Choose the right technology based on your specific requirements:

  • OCR — High-throughput text extraction from scanned documents with 120+ languages. Ideal for invoice batches, receipt scanning, and search indexing where speed is the priority.
  • Vision API — Document structure analysis with table extraction, handwriting recognition, and equation detection. Perfect for forms, research papers, and complex layouts requiring semantic understanding.
  • AI Document Processing — Automated classification combined with data extraction using preconfigured templates. Best for processing invoices, resumes, passports, and purchase orders at scale.
Platform availability and deployment options

Each technology supports different platforms and deployment models:

  • OCR — Available on all platforms (Web, .NET, Python, Java, iOS, Android, Document Engine) with consistent text extraction across your entire technology stack.
  • Vision API — Python and Java SDKs with flexible deployment — run entirely on-premises with local AI models or connect to Claude/OpenAI for VLM-enhanced accuracy.
  • AI Document Processing — .NET 8.0+ applications with on-premises LLM processing, ensuring complete data privacy and compliance with HIPAA and SOC 2 requirements.
Privacy-first processing with local and cloud options

Balance privacy requirements against accuracy needs with flexible processing modes:

  • Complete offline processing — OCR, Vision API with local ICR, and AI Document Processing all support fully on-premises deployment with no external API calls for air-gapped environments.
  • Hybrid cloud enhancement — Vision API can optionally connect to Claude or OpenAI for improved table cell boundary detection and higher confidence on complex documents when accuracy is critical.
  • Local AI models — Vision API supports LM Studio, Ollama, and vLLM for image description generation while keeping all data completely private and compliant.
Advanced extraction capabilities across technologies

Each technology provides specialized capabilities for different extraction needs:

  • Vision API ICR — Extract tables with complete cell boundaries and hierarchical structure; recognize handwritten text, including cursive; and detect mathematical equations outputting LaTeX format.
  • AI Document Processing — Classify documents into 10 preconfigured categories and extract structured data in a single operation using hybrid LLM + key-value pair technology.
  • OCR preprocessing — Automatic deskew, noise reduction, orientation detection, and zonal OCR for targeted field extraction from forms and ID cards.
  • Accessibility features — Generate WCAG-compliant alt text and image captions using Claude, OpenAI, or local AI models for complete accessibility compliance.
Why developers choose Nutrient for data extraction

Nutrient’s data extraction platform provides unique advantages over competitors with fragmented offerings.
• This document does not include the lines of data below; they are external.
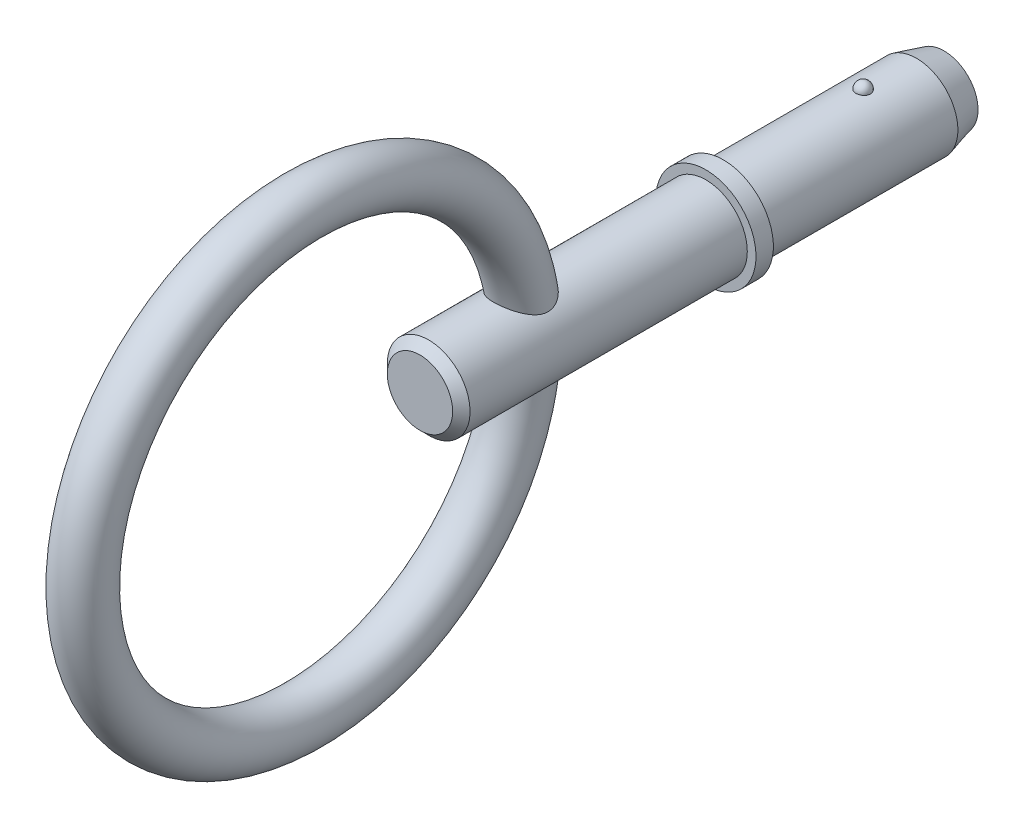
ISO-10303-21;
HEADER;
FILE_DESCRIPTION(('STEP AP214'),'2;1');
FILE_NAME('part.step','',(''),(''),'','','');
FILE_SCHEMA(('AUTOMOTIVE_DESIGN { 1 0 10303 214 1 1 1 1 }'));
ENDSEC;
DATA;
#1=APPLICATION_CONTEXT('core data for automotive mechanical design processes');
#2=APPLICATION_PROTOCOL_DEFINITION('international standard','automotive_design',2000,#1);
#3=PRODUCT_CONTEXT('',#1,'mechanical');
#4=PRODUCT('Part','Part','',(#3));
#5=PRODUCT_RELATED_PRODUCT_CATEGORY('part','',(#4));
#6=PRODUCT_DEFINITION_FORMATION('','',#4);
#7=PRODUCT_DEFINITION_CONTEXT('part definition',#1,'design');
#8=PRODUCT_DEFINITION('design','',#6,#7);
#9=PRODUCT_DEFINITION_SHAPE('','',#8);
#10=(LENGTH_UNIT() NAMED_UNIT(*) SI_UNIT(.MILLI.,.METRE.));
#11=(NAMED_UNIT(*) PLANE_ANGLE_UNIT() SI_UNIT($,.RADIAN.));
#12=(NAMED_UNIT(*) SI_UNIT($,.STERADIAN.) SOLID_ANGLE_UNIT());
#13=UNCERTAINTY_MEASURE_WITH_UNIT(LENGTH_MEASURE(1.E-05),#10,'distance_accuracy_value','');
#14=(GEOMETRIC_REPRESENTATION_CONTEXT(3) GLOBAL_UNCERTAINTY_ASSIGNED_CONTEXT((#13)) GLOBAL_UNIT_ASSIGNED_CONTEXT((#10,
#11,#12)) REPRESENTATION_CONTEXT('',''));
#15=CARTESIAN_POINT('',(0.,0.,0.));
#16=DIRECTION('',(0.,0.,1.));
#17=DIRECTION('',(1.,0.,0.));
#18=AXIS2_PLACEMENT_3D('',#15,#16,#17);
#19=CARTESIAN_POINT('',(0.,0.,7.62));
#20=DIRECTION('',(0.,0.,-1.));
#21=DIRECTION('',(-1.,0.,0.));
#22=AXIS2_PLACEMENT_3D('',#19,#20,#21);
#23=CYLINDRICAL_SURFACE('',#22,2.38);
#24=CARTESIAN_POINT('',(0.418361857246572,2.34294117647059,-0.419999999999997));
#25=CARTESIAN_POINT('',(0.418361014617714,2.34294160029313,-0.396453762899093));
#26=CARTESIAN_POINT('',(0.416399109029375,2.34329426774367,-0.372895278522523));
#27=CARTESIAN_POINT('',(0.408599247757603,2.34466666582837,-0.32643458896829));
#28=CARTESIAN_POINT('',(0.402757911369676,2.34568697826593,-0.303532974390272));
#29=CARTESIAN_POINT('',(0.387358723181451,2.3482789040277,-0.259059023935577));
#30=CARTESIAN_POINT('',(0.377802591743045,2.34985026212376,-0.237486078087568));
#31=CARTESIAN_POINT('',(0.355233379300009,2.35336760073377,-0.196270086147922));
#32=CARTESIAN_POINT('',(0.34222083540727,2.3553135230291,-0.176626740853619));
#33=CARTESIAN_POINT('',(0.313060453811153,2.35936636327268,-0.139777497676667));
#34=CARTESIAN_POINT('',(0.296906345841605,2.36147359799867,-0.122576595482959));
#35=CARTESIAN_POINT('',(0.261921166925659,2.3656092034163,-0.0911421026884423));
#36=CARTESIAN_POINT('',(0.243090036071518,2.36763757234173,-0.0769085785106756));
#37=CARTESIAN_POINT('',(0.203297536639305,2.37138533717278,-0.0518262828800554));
#38=CARTESIAN_POINT('',(0.182338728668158,2.37310509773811,-0.0409735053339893));
#39=CARTESIAN_POINT('',(0.138864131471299,2.37604521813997,-0.0229395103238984));
#40=CARTESIAN_POINT('',(0.116348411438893,2.37726560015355,-0.0157581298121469));
#41=CARTESIAN_POINT('',(0.0705754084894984,2.37906276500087,-0.00531205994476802));
#42=CARTESIAN_POINT('',(0.0473247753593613,2.37964420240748,-0.00201903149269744));
#43=CARTESIAN_POINT('',(0.000593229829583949,2.38011460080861,0.000651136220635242));
#44=CARTESIAN_POINT('',(-0.0228876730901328,2.38000359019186,2.84360175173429E-05));
#45=CARTESIAN_POINT('',(-0.0692686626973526,2.37910422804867,-0.00509943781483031));
#46=CARTESIAN_POINT('',(-0.0921713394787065,2.37831983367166,-0.00958192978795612));
#47=CARTESIAN_POINT('',(-0.136890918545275,2.37616546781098,-0.022272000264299));
#48=CARTESIAN_POINT('',(-0.158707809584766,2.37479549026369,-0.0304796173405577));
#49=CARTESIAN_POINT('',(-0.200704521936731,2.37161607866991,-0.0504168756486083));
#50=CARTESIAN_POINT('',(-0.220879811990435,2.36980547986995,-0.0621558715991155));
#51=CARTESIAN_POINT('',(-0.258974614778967,2.36594575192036,-0.0888218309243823));
#52=CARTESIAN_POINT('',(-0.276894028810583,2.36389661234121,-0.103748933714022));
#53=CARTESIAN_POINT('',(-0.310124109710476,2.35976825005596,-0.136509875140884));
#54=CARTESIAN_POINT('',(-0.325413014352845,2.35768891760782,-0.154365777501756));
#55=CARTESIAN_POINT('',(-0.352793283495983,2.35374782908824,-0.192402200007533));
#56=CARTESIAN_POINT('',(-0.364884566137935,2.35188607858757,-0.212582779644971));
#57=CARTESIAN_POINT('',(-0.385587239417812,2.34858114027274,-0.254794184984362));
#58=CARTESIAN_POINT('',(-0.394183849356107,2.34713973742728,-0.276832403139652));
#59=CARTESIAN_POINT('',(-0.407590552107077,2.3448489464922,-0.322061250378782));
#60=CARTESIAN_POINT('',(-0.412400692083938,2.34399955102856,-0.34525186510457));
#61=CARTESIAN_POINT('',(-0.418098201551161,2.34299005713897,-0.392078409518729));
#62=CARTESIAN_POINT('',(-0.41899328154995,2.34282860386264,-0.415713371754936));
#63=CARTESIAN_POINT('',(-0.416857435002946,2.34320955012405,-0.462799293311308));
#64=CARTESIAN_POINT('',(-0.413826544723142,2.34375194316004,-0.486250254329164));
#65=CARTESIAN_POINT('',(-0.403929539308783,2.34547773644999,-0.532261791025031));
#66=CARTESIAN_POINT('',(-0.397069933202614,2.34666004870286,-0.554823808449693));
#67=CARTESIAN_POINT('',(-0.379705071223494,2.34953208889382,-0.59846383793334));
#68=CARTESIAN_POINT('',(-0.369199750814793,2.35122182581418,-0.61954182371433));
#69=CARTESIAN_POINT('',(-0.344797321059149,2.35492396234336,-0.659671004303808));
#70=CARTESIAN_POINT('',(-0.33089223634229,2.35693711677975,-0.678717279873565));
#71=CARTESIAN_POINT('',(-0.300080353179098,2.36105754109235,-0.714192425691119));
#72=CARTESIAN_POINT('',(-0.283173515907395,2.36316481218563,-0.730621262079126));
#73=CARTESIAN_POINT('',(-0.246801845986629,2.36723962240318,-0.760416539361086));
#74=CARTESIAN_POINT('',(-0.227334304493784,2.36920701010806,-0.773779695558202));
#75=CARTESIAN_POINT('',(-0.186398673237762,2.37277833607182,-0.797042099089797));
#76=CARTESIAN_POINT('',(-0.164930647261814,2.37438228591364,-0.806941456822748));
#77=CARTESIAN_POINT('',(-0.120727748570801,2.37703848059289,-0.82294821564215));
#78=CARTESIAN_POINT('',(-0.0980005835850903,2.37809374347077,-0.829076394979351));
#79=CARTESIAN_POINT('',(-0.0518218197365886,2.37954782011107,-0.837451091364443));
#80=CARTESIAN_POINT('',(-0.0283702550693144,2.37994666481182,-0.839697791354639));
#81=CARTESIAN_POINT('',(0.0184023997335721,2.38004290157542,-0.840243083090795));
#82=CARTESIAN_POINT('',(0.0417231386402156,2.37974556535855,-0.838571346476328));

Instead of choosing between basic OCR libraries or expensive cloud-only services, you get three specialized technologies that work together — offering cross-platform consistency, flexible deployment models, and the industry’s most comprehensive language support (120+ languages). Complete documentation, code samples, and developer support are included with every license, and all technologies support on-premises deployment for compliance with HIPAA, SOC 2, and air-gapped requirements.